# Conv-TasNet

In [2]:
import onnx
import onnxruntime as ort
import numpy as np
from onnx import shape_inference
import sys
import torch
import numpy as np
import os

```markdown
You need to clone the Conv-TasNet repo here and rename the folder to network:
`git@github.com:naplab/Conv-TasNet.git`
```

Define HyperParameters of Conv-TasNet

In [3]:
L =32
stride = L // 2

num_spk = 1 # number of speakers , Currently only 1 is supported in the streaming mode
casual = True # Due to the gLN layer(Therefore, it uses the statistics from all sequence from past to future), the non-causal model cannot run in the streaming mode.

Create the Conv-TasNet with random weights and input

In [None]:
from network.conv_tasnet import TasNet

nnet = TasNet(enc_dim=128, feature_dim=64, layer=2, stack=3, 
                kernel=3, num_spk=num_spk, causal=casual) # Currently supports only 1 speaker

receptive_field = nnet.receptive_field

onnx_filename = "convtasnet_orig.onnx"
current_directory = os.getcwd()
onnx_path = os.path.join(current_directory, "", onnx_filename)

x = torch.rand(1, 32000) # a dummy input
torch.onnx.export(nnet, x, onnx_path, input_names=["input"], output_names=["output"])
print(f" Model exported to {onnx_path}")

T = int((receptive_field - L) / (L // 2)) + 1 # Number of timestamps of the receptive field

print(f"receptive field is { nnet.receptive_field} samples and {T} timesteps ")
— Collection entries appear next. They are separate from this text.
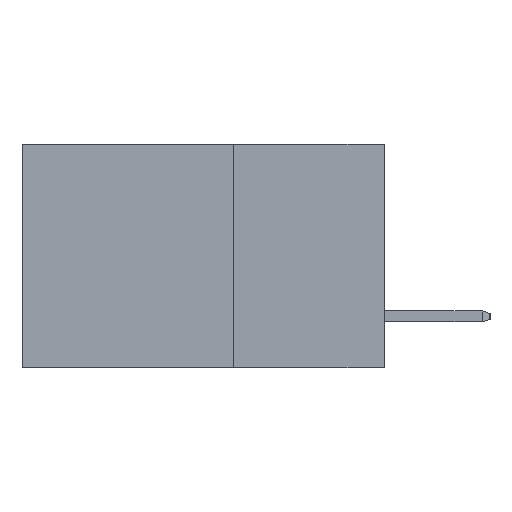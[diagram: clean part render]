
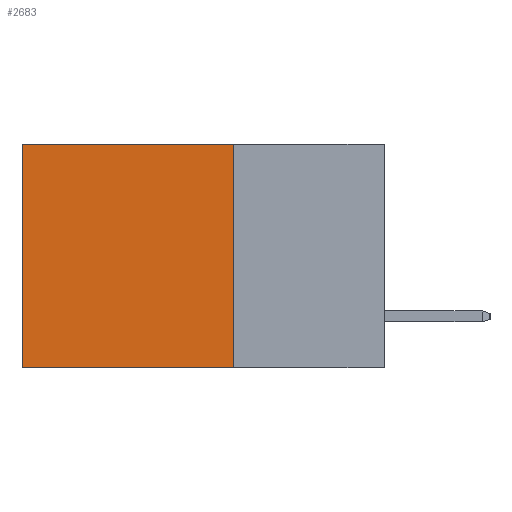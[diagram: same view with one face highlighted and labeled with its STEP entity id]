
A CAD part, left-side view. The second image highlights one B-rep face of the part: STEP entity #2683.
In plain terms, the highlighted planar face has unit normal (-1, 0, 0).
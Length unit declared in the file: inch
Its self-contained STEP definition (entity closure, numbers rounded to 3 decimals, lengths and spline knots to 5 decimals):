
#255 = CARTESIAN_POINT ( 'NONE',  ( 0.2615, 0.25, 0. ) ) ;
#309 = LINE ( 'NONE', #255, #6048 ) ;
#466 = DIRECTION ( 'NONE',  ( 0., 0., -1. ) ) ;
#486 = DIRECTION ( 'NONE',  ( 1., 0., 0. ) ) ;
#544 = ORIENTED_EDGE ( 'NONE', *, *, #1208, .F. ) ;
#665 = CARTESIAN_POINT ( 'NONE',  ( 0.2615, 0.25, -0.37 ) ) ;
#900 = EDGE_CURVE ( 'NONE', #1780, #3841, #2341, .T. ) ;
#901 = PLANE ( 'NONE',  #6438 ) ;
#1208 = EDGE_CURVE ( 'NONE', #3841, #2209, #1751, .T. ) ;
#1678 = DIRECTION ( 'NONE',  ( 0., 1., 0. ) ) ;
#1751 = LINE ( 'NONE', #3317, #9247 ) ;
#1780 = VERTEX_POINT ( 'NONE', #6806 ) ;
#2209 = VERTEX_POINT ( 'NONE', #9364 ) ;
#2341 = LINE ( 'NONE', #6601, #6172 ) ;
#2462 = EDGE_CURVE ( 'NONE', #3426, #2209, #6929, .T. ) ;
#2473 = ORIENTED_EDGE ( 'NONE', *, *, #900, .F. ) ;
#2683 = ADVANCED_FACE ( 'NONE', ( #6139 ), #901, .F. ) ;
#3317 = CARTESIAN_POINT ( 'NONE',  ( 0.2615, 0.25, -0.37 ) ) ;
#3426 = VERTEX_POINT ( 'NONE', #6719 ) ;
#3841 = VERTEX_POINT ( 'NONE', #8053 ) ;
#3932 = DIRECTION ( 'NONE',  ( 0., 0., -1. ) ) ;
#3982 = CARTESIAN_POINT ( 'NONE',  ( 0.2615, 0.6, -0.37 ) ) ;
#4612 = ORIENTED_EDGE ( 'NONE', *, *, #6521, .T. ) ;
#4851 = DIRECTION ( 'NONE',  ( 0., 0., -1. ) ) ;
#5868 = EDGE_LOOP ( 'NONE', ( #6280, #544, #2473, #4612 ) ) ;
#6048 = VECTOR ( 'NONE', #1678, 39.37008 ) ;
#6139 = FACE_OUTER_BOUND ( 'NONE', #5868, .T. ) ;
#6172 = VECTOR ( 'NONE', #4851, 39.37008 ) ;
#6280 = ORIENTED_EDGE ( 'NONE', *, *, #2462, .T. ) ;
#6438 = AXIS2_PLACEMENT_3D ( 'NONE', #665, #486, #466 ) ;
#6521 = EDGE_CURVE ( 'NONE', #1780, #3426, #309, .T. ) ;
#6601 = CARTESIAN_POINT ( 'NONE',  ( 0.2615, 0.25, -0.37 ) ) ;
#6719 = CARTESIAN_POINT ( 'NONE',  ( 0.2615, 0.6, 0. ) ) ;
#6806 = CARTESIAN_POINT ( 'NONE',  ( 0.2615, 0.25, 0. ) ) ;
#6929 = LINE ( 'NONE', #3982, #8707 ) ;
#8053 = CARTESIAN_POINT ( 'NONE',  ( 0.2615, 0.25, -0.37 ) ) ;
#8303 = DIRECTION ( 'NONE',  ( 0., 1., 0. ) ) ;
#8707 = VECTOR ( 'NONE', #3932, 39.37008 ) ;
#9247 = VECTOR ( 'NONE', #8303, 39.37008 ) ;
#9364 = CARTESIAN_POINT ( 'NONE',  ( 0.2615, 0.6, -0.37 ) ) ;

Run the non-streaming model

In [None]:
ns_model_path = "convtasnet_orig.onnx"
ort_sess = ort.SessionOptions()
ort_sess.enable_profiling = True
ort_sess  = ort.InferenceSession(ns_model_path)
ort_sess.enable_profiling = True

# input_data = np.random.rand(1, 32000).astype(np.float32)
input_data = x.numpy().astype(np.float32)

onnx_model = onnx.load(ns_model_path)
# Run the model
input_name = onnx_model.graph.input[0].name
final_output_model = ort_sess.run(None, {input_name: input_data})

# 'output' contains the model's output (replace 'output_name' with the actual output name in your model)
print("Model output:", final_output_model[0].shape)
print(final_output_model[0])

Convert the non-streaming model to streaming one

In [None]:
from streamease.onnx_streamer.streamer import StreamingConverter

streaming_name = "torch_streaming_model.onnx"
time_steps = 1
model = onnx.load(ns_model_path)
streaming =  StreamingConverter(model, time_steps=time_steps)

streaming.run()
streaming.print_info()
streaming.save_streaming_onnx('.', onnx_filename=streaming_name)

In this step, we need to prepare the correct input for the streaming. For instance, in Conv-TasNet, the following padding function is used before the first layer. 

In [7]:
from torch.autograd import Variable
def pad_signal( input, stride, win):

    # input is the waveforms: (B, T) or (B, 1, T)
    # reshape and padding
    if input.dim() not in [2, 3]:
        raise RuntimeError("Input can only be 2 or 3 dimensional.")
    
    if input.dim() == 2:
        input = input.unsqueeze(1)
    batch_size = input.size(0)
    nsample = input.size(2)
    rest = win - (stride + nsample % win) % win
    if rest > 0:
        pad = Variable(torch.zeros(batch_size, 1, rest)).type(input.type())
        input = torch.cat([input, pad], 2)
    
    pad_aux = Variable(torch.zeros(batch_size, 1, stride)).type(input.type())
    input = torch.cat([pad_aux, input, pad_aux], 2)
    return input, rest

In [None]:
from utils.onnx_inference.streaming_inference import Inference

s_test = Inference(streaming_name, receptive_field=T, causal=casual, time_steps=1)
s_test.init_buffers()


input_data_pad, rest = pad_signal(torch.tensor(input_data), stride, L)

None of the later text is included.